IMMIGRATION ET RECUPERATION POLITIQUE DE SAINTE JEANNE D’ARC – 2

 

    Cette article faisant suite à la partie 1 à été omise, par erreur, et devait venir avant « Mise en garde pour catholiques traditionalistes…et autres – 1 ». En conséquence, pour conserver la logique de parution cette article est mis à la date du 25/02/2014 juste avant « Mise en garde pour catholiques traditionalistes…et autres – 1 »  

     En bleue les ajouts au texte initial.

     Précisons, toutefois, que même si un tel homme existait présentement, une préséance, une condition indispensable semble s’imposer avant le rétablissement de la société française, à savoir : le rétablissement préalable de l’autorité du Pape et par voie de conséquence de l’Eglise, maître d’oeuvre en l’occurrence, selon l’affirmation de S.S. Pie X dans sa Lettre Encyclique Notre charge apostolique sur le Sillon du 25 août 1910)  

« Non, il faut le rappeler énergiquement dans ces temps d’anarchie sociale et intellectuelle où chacun se pose en docteur et législateur (…) On ne bâtira pas la cité autrement que Dieu ne l’a bâtie, on n’édifiera pas la société si l’Eglise n’en jette les bases et n’en dirige les travaux ; (…) Omnia instaurare in Christo. » (4)   11 octobre 2013

     Voilà deux déclarations autorisées (voir celle de Pie XII) qu’il ne faut pas oublier, qui doivent être sérieusement prises en compte par les laïcs et les prêtres avant de jeter leur dévolu sur un homme politique et d’encourager à le soutenir. Vouloir construire une société selon les fondements et les normes inversés de la démocratie  révolutionnaire c’est, comme le dit ce Pape dans cette même Encyclique « construire dans les nuées »
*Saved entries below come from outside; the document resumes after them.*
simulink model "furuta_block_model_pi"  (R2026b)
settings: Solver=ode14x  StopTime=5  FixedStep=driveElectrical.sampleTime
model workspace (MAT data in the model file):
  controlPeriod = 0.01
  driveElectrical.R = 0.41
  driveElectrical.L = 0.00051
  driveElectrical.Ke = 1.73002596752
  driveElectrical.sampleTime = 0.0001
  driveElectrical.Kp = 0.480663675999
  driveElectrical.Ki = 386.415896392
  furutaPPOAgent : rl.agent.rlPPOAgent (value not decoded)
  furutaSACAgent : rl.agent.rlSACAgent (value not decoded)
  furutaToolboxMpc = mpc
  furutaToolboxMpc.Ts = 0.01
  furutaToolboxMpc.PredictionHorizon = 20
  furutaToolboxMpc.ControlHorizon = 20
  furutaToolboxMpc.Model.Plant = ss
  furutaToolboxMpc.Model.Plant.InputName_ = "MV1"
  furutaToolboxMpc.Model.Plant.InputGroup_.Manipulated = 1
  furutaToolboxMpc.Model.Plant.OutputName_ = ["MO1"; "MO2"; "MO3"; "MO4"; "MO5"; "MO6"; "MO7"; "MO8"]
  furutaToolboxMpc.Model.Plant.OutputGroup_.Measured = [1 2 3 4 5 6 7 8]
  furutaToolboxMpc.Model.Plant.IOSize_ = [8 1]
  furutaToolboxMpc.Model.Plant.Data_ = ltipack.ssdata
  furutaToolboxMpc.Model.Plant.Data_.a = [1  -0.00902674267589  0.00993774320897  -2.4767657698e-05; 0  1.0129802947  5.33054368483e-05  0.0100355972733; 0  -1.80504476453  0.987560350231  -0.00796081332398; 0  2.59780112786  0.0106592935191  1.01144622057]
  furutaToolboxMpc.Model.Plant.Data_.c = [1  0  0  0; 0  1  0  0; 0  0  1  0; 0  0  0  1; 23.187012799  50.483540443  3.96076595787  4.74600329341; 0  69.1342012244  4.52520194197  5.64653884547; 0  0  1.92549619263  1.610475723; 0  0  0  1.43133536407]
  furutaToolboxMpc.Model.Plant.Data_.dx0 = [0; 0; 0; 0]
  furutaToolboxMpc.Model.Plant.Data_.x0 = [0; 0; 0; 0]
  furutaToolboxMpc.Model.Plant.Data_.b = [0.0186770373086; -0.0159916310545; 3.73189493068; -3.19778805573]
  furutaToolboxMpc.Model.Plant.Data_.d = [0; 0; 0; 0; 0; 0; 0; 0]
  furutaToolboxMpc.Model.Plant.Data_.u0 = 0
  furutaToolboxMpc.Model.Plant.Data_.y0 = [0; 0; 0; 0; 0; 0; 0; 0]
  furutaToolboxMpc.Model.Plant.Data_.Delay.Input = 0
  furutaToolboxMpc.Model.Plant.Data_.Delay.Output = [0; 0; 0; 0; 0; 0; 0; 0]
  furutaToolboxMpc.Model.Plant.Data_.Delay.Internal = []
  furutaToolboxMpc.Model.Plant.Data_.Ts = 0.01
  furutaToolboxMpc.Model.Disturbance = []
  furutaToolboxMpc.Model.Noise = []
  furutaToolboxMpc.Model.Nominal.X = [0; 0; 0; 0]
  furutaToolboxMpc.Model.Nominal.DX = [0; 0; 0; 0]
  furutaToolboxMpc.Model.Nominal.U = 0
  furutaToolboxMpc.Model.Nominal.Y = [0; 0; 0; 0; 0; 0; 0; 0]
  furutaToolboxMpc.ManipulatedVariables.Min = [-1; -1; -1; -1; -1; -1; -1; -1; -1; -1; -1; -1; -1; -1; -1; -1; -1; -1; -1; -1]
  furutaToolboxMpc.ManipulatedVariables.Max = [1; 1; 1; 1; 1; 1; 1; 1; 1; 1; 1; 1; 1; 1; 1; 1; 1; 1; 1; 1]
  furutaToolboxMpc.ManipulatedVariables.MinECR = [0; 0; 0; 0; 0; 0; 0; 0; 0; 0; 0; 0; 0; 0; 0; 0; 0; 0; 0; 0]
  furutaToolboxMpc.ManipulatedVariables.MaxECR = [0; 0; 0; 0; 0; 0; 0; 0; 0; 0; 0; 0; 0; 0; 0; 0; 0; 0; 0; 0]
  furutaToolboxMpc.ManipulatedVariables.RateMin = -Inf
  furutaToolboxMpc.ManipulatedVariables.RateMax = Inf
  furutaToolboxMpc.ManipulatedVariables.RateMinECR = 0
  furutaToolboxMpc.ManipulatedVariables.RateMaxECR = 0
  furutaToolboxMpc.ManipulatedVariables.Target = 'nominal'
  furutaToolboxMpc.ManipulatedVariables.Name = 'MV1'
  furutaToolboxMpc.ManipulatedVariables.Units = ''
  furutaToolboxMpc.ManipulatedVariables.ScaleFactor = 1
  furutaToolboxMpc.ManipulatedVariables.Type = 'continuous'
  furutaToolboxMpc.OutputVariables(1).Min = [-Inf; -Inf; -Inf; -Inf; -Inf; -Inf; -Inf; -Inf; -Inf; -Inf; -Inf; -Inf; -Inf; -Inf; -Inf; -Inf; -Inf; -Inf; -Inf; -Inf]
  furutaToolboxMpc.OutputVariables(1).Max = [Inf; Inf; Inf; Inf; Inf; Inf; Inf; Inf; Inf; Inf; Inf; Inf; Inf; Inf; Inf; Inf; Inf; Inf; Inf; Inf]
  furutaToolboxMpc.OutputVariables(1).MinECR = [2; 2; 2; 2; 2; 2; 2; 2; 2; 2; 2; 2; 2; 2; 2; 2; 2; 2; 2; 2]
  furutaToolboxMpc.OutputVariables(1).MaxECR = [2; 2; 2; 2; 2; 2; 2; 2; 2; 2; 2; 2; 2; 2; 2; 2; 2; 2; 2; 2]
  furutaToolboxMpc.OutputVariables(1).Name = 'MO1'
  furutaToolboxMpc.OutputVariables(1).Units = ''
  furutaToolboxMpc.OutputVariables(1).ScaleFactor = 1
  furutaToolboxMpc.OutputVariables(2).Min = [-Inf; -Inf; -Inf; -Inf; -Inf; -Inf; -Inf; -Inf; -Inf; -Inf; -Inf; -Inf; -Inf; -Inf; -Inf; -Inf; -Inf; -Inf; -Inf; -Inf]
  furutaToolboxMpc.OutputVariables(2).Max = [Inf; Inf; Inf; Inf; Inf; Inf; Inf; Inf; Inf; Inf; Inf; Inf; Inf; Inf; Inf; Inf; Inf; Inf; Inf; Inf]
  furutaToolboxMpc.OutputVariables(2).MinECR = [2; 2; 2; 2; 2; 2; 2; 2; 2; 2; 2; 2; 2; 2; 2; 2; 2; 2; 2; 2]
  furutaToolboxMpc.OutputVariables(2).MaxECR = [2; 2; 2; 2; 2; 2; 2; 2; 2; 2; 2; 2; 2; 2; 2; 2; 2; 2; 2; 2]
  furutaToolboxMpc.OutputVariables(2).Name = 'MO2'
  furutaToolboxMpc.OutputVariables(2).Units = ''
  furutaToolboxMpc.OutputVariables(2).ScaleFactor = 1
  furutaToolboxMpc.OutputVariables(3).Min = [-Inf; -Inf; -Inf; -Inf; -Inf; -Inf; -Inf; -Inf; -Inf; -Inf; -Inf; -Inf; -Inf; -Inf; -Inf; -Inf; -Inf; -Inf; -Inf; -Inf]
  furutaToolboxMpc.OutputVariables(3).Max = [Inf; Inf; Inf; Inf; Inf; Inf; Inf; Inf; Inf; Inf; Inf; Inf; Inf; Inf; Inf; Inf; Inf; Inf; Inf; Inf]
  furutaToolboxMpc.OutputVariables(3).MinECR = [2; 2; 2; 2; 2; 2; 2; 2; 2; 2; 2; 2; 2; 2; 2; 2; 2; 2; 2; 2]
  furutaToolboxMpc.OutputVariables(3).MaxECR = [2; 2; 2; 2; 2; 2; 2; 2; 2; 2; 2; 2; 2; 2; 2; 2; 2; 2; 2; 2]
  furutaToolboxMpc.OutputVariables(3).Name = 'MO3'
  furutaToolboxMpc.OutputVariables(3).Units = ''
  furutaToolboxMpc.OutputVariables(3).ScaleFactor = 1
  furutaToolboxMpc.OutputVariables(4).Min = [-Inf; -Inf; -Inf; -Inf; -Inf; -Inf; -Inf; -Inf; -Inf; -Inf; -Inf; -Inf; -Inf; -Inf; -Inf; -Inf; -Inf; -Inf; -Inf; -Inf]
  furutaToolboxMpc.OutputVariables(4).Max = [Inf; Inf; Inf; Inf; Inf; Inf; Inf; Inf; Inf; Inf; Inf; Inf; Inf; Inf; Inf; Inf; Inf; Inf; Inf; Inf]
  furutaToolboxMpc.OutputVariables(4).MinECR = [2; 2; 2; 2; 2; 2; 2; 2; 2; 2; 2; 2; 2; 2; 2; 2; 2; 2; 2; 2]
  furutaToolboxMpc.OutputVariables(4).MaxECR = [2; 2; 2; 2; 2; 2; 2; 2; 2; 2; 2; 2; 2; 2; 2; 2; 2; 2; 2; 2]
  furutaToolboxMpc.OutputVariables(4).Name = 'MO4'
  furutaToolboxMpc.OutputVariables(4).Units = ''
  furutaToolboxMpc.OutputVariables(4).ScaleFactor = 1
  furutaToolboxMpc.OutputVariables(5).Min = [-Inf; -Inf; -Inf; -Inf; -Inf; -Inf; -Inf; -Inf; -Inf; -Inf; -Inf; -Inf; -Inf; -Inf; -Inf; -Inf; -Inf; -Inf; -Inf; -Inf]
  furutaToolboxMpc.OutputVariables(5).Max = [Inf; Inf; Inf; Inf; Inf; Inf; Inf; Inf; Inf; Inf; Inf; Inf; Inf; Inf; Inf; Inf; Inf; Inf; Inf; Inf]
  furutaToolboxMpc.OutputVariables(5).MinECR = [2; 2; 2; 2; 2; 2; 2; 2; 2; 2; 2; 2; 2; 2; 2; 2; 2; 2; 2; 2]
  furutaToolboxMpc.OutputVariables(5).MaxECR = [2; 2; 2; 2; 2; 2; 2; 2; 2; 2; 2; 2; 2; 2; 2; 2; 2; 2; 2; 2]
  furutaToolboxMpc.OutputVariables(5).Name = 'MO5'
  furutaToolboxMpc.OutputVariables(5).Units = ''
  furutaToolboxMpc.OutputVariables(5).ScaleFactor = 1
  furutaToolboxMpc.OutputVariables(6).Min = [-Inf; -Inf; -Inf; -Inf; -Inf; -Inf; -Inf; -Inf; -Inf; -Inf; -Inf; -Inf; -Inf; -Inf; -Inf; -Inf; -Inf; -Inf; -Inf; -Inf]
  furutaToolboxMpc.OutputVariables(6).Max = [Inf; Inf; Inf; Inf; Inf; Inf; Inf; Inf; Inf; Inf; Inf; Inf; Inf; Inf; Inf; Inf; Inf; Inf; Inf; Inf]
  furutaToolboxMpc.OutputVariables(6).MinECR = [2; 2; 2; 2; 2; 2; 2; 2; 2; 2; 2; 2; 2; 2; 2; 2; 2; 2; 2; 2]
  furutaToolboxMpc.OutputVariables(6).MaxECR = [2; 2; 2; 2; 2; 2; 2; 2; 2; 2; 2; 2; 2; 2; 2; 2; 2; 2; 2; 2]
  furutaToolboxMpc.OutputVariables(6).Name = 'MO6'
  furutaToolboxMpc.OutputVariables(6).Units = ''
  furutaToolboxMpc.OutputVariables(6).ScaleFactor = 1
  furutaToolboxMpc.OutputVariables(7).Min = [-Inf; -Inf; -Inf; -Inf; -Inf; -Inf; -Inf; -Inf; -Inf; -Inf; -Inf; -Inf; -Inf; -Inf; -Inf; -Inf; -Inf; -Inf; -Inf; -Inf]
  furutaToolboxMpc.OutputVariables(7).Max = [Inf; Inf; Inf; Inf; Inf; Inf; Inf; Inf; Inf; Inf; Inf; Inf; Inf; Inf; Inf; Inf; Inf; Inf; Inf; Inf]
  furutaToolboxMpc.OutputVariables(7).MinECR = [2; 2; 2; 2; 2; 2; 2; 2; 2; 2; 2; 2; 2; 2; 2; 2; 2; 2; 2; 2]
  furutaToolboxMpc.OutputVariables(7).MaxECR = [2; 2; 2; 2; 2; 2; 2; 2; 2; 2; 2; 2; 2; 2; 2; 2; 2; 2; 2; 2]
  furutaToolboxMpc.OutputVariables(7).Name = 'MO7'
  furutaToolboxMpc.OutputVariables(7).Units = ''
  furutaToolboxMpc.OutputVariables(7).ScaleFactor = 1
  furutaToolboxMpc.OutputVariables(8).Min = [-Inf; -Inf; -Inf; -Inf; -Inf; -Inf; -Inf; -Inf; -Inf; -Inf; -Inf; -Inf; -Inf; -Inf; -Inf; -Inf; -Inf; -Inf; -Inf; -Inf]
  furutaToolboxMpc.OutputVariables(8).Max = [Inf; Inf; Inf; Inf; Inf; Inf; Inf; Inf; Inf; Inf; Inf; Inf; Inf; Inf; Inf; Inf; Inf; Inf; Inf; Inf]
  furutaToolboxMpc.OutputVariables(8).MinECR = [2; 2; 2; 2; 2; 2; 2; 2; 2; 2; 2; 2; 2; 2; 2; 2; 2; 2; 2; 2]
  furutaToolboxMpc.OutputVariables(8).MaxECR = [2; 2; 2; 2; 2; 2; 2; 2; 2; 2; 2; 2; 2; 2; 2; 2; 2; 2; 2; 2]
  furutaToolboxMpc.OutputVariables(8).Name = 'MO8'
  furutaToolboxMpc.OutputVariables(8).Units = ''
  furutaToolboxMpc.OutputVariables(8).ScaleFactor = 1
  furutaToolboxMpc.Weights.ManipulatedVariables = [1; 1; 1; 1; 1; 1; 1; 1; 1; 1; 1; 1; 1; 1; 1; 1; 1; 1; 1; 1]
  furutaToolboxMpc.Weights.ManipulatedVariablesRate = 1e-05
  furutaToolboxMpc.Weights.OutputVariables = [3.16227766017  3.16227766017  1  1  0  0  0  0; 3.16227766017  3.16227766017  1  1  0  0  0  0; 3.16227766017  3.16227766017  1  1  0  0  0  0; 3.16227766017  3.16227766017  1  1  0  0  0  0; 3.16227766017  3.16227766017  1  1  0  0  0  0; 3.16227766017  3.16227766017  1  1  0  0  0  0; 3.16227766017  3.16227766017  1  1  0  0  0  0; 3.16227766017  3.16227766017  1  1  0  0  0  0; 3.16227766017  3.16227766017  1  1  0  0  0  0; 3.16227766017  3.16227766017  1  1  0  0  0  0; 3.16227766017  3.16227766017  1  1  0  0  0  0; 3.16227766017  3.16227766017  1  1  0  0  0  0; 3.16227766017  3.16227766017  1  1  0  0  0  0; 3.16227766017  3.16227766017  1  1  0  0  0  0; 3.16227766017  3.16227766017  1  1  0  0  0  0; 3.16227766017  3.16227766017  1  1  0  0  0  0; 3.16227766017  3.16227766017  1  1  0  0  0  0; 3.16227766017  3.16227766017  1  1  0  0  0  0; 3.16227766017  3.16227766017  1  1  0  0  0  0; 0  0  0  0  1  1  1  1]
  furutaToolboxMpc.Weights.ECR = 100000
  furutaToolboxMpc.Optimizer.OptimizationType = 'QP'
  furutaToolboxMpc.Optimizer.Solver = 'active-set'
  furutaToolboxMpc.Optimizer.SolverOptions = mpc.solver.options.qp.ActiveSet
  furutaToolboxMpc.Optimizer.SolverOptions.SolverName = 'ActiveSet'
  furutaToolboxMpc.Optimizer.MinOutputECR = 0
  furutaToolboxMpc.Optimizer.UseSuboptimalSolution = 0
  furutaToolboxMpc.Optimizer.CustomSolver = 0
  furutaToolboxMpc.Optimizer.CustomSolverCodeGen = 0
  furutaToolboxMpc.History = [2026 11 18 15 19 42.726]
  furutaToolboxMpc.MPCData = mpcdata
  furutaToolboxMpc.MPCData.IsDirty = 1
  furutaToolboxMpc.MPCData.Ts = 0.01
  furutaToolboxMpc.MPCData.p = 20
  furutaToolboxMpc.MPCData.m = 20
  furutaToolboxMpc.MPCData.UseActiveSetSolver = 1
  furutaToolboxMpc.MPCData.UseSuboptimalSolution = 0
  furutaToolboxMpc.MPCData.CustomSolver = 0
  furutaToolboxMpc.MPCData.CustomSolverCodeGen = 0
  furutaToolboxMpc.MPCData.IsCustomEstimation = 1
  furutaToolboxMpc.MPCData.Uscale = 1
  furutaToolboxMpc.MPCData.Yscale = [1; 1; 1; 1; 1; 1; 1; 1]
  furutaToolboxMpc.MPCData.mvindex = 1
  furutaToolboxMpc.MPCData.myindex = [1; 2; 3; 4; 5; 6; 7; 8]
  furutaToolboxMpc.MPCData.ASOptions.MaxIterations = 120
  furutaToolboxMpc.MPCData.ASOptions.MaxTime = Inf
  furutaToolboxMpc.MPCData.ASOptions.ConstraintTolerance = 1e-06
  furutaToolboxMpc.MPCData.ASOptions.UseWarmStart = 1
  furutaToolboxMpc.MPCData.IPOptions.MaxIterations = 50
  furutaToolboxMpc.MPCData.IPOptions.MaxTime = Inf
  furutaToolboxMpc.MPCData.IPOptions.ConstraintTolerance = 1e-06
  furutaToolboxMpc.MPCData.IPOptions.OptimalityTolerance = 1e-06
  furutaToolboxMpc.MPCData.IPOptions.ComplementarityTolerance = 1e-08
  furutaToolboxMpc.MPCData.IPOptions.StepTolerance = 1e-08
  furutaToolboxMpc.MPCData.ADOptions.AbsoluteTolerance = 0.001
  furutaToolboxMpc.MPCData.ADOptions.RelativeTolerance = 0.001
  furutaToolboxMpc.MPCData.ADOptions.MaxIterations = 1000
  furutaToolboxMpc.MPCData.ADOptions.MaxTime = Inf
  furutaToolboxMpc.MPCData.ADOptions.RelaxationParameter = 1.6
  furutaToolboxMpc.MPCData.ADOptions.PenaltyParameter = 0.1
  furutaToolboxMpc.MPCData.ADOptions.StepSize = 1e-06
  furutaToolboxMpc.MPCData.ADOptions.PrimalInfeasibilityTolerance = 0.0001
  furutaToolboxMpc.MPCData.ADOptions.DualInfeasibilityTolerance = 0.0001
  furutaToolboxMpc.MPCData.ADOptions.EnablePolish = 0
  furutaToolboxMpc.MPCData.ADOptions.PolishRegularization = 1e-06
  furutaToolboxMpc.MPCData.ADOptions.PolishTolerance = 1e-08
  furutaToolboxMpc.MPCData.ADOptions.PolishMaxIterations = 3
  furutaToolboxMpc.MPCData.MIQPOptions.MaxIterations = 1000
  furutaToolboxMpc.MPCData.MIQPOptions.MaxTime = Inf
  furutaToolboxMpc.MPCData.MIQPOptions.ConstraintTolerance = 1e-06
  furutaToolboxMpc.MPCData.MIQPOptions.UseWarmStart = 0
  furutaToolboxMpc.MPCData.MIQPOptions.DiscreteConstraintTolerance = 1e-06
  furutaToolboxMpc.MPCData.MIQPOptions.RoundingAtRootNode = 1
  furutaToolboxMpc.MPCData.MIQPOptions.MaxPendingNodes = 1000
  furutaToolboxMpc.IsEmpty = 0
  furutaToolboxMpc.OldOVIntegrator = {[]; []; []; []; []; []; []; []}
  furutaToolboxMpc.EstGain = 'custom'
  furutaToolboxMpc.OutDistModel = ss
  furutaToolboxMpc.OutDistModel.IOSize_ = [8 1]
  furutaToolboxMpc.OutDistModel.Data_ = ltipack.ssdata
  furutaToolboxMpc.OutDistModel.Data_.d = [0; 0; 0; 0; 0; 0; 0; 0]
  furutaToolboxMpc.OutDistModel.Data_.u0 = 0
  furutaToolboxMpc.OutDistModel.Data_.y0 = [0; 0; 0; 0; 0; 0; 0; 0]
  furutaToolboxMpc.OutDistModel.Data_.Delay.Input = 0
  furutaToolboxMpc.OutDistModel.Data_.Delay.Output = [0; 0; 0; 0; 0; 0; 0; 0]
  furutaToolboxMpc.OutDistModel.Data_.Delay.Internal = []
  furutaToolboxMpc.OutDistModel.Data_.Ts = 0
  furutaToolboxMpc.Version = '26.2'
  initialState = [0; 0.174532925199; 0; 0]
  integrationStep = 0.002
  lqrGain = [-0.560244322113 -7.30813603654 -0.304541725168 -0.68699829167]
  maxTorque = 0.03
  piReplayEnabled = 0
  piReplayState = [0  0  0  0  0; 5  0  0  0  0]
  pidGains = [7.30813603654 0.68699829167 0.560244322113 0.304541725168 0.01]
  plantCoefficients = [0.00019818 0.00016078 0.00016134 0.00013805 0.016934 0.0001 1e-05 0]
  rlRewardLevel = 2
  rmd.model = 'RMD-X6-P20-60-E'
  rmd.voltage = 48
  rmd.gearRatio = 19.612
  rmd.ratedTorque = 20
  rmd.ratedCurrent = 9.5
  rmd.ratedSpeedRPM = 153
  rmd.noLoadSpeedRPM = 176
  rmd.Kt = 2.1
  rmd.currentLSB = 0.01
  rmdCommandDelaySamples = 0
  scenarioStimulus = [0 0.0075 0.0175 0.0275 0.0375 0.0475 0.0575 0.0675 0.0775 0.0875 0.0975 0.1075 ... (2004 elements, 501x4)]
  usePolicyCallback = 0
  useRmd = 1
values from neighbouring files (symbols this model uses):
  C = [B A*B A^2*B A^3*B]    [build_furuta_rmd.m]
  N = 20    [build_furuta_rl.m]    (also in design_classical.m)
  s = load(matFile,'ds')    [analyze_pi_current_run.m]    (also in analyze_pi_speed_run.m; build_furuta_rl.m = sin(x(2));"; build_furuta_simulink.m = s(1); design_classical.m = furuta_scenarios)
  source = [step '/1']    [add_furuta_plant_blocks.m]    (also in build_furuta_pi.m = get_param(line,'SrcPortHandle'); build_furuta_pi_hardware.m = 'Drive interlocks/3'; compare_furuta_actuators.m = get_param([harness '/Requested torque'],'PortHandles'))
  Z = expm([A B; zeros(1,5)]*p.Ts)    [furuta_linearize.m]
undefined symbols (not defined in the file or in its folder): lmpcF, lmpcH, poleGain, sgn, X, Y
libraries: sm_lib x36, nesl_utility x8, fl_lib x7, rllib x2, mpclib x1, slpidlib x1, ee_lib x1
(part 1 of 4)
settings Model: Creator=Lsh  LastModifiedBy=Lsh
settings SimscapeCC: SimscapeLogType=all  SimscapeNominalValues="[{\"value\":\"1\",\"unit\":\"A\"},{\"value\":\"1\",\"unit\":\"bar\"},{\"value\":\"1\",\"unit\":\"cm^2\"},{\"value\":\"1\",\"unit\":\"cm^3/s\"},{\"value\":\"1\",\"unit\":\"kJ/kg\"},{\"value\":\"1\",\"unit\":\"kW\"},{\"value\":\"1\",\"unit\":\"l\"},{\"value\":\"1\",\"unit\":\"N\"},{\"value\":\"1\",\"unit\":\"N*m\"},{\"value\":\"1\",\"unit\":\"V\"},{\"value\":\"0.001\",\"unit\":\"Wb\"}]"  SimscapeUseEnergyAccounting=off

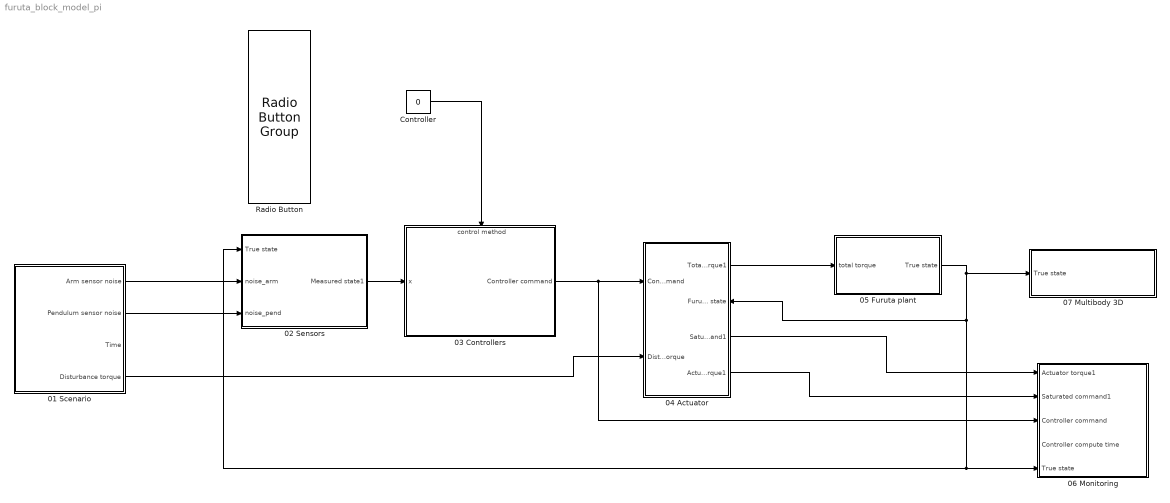
== system furuta_block_model_pi ==
  01 Scenario : Subsystem
  02 Sensors : Subsystem
  03 Controllers : Subsystem
      settings: PortSchema="{\"entries\":[{\"content\":{\"sides\":[{\"content\":{\"connectorIds\":[\"In1\"]},\"type\":\"ConnectorPlacement.EquallySpacedRectSide\",\"uuid\":\"e4b36115-6a1d-4962-9ef8-ed5f31cfcc6a\"},{\"content\":{\"connectorIds\":[\"Out1\"],\"side\":\"RIGHT\"},\"type\":\"ConnectorPlacement.EquallySpacedRectSide\",\"uuid\":\"30852384-c2a0-433b-a443-149c1bfb4c73\"},{\"content\":{\"connectorIds\":[\"In2\"],\"side\":\"TOP\"},\"type\":\"ConnectorPlacement.EquallySpacedRectSide\",\"uuid\":\"d3eba7d3-47d6-4151-b089-0f7eaff5c42c\"},{\"content\":{\"side\":\"BOTTOM\"},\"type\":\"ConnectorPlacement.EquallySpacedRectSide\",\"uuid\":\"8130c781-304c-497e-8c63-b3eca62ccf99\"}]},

     Ce n’est pas parce que M. Le Pen (sa fille aujourd’hui) pour accréditer son combat politique sait se montrer habile alchimiste en réussissant, à la fois, à œuvrer en faveur de la démocratie républicaine et maçonnique, et d’en référer sans vergogne à Sainte Jeanne d’Arc dont les moeurs devraient les faire rougir, mais dont l’évocation a l’avantage non négligeable de lui attirer la sympathie et le soutien de bon nombre de catholiques ‘’traditionalistes’’ – encouragés en cela, par l’exemple d’abbés adeptes de l’amalgame politico-religieux, tels que Laguerie (5), l’agitateur patenté (voir sa dernière et scandaleuse prestation, lors de son coup de force en l’Eglise Saint Germain l’Auxerrois) et Aulagnier (6) qui, si mes informations sont bonnes est l’ami du ‘’ Cercle des Hommes Libres’’ (7) (je rectifierai ou en rajouterai si des précisions ou compléments d’informations référencés me sont communiqués) et consorts – que nous devons pour autant confondre le nationalisme républicain de M. Le Pen (et de sa fille aujourd’hui) avec le patriotisme fondé sur la foi de Sainte Jeanne d’Arc.  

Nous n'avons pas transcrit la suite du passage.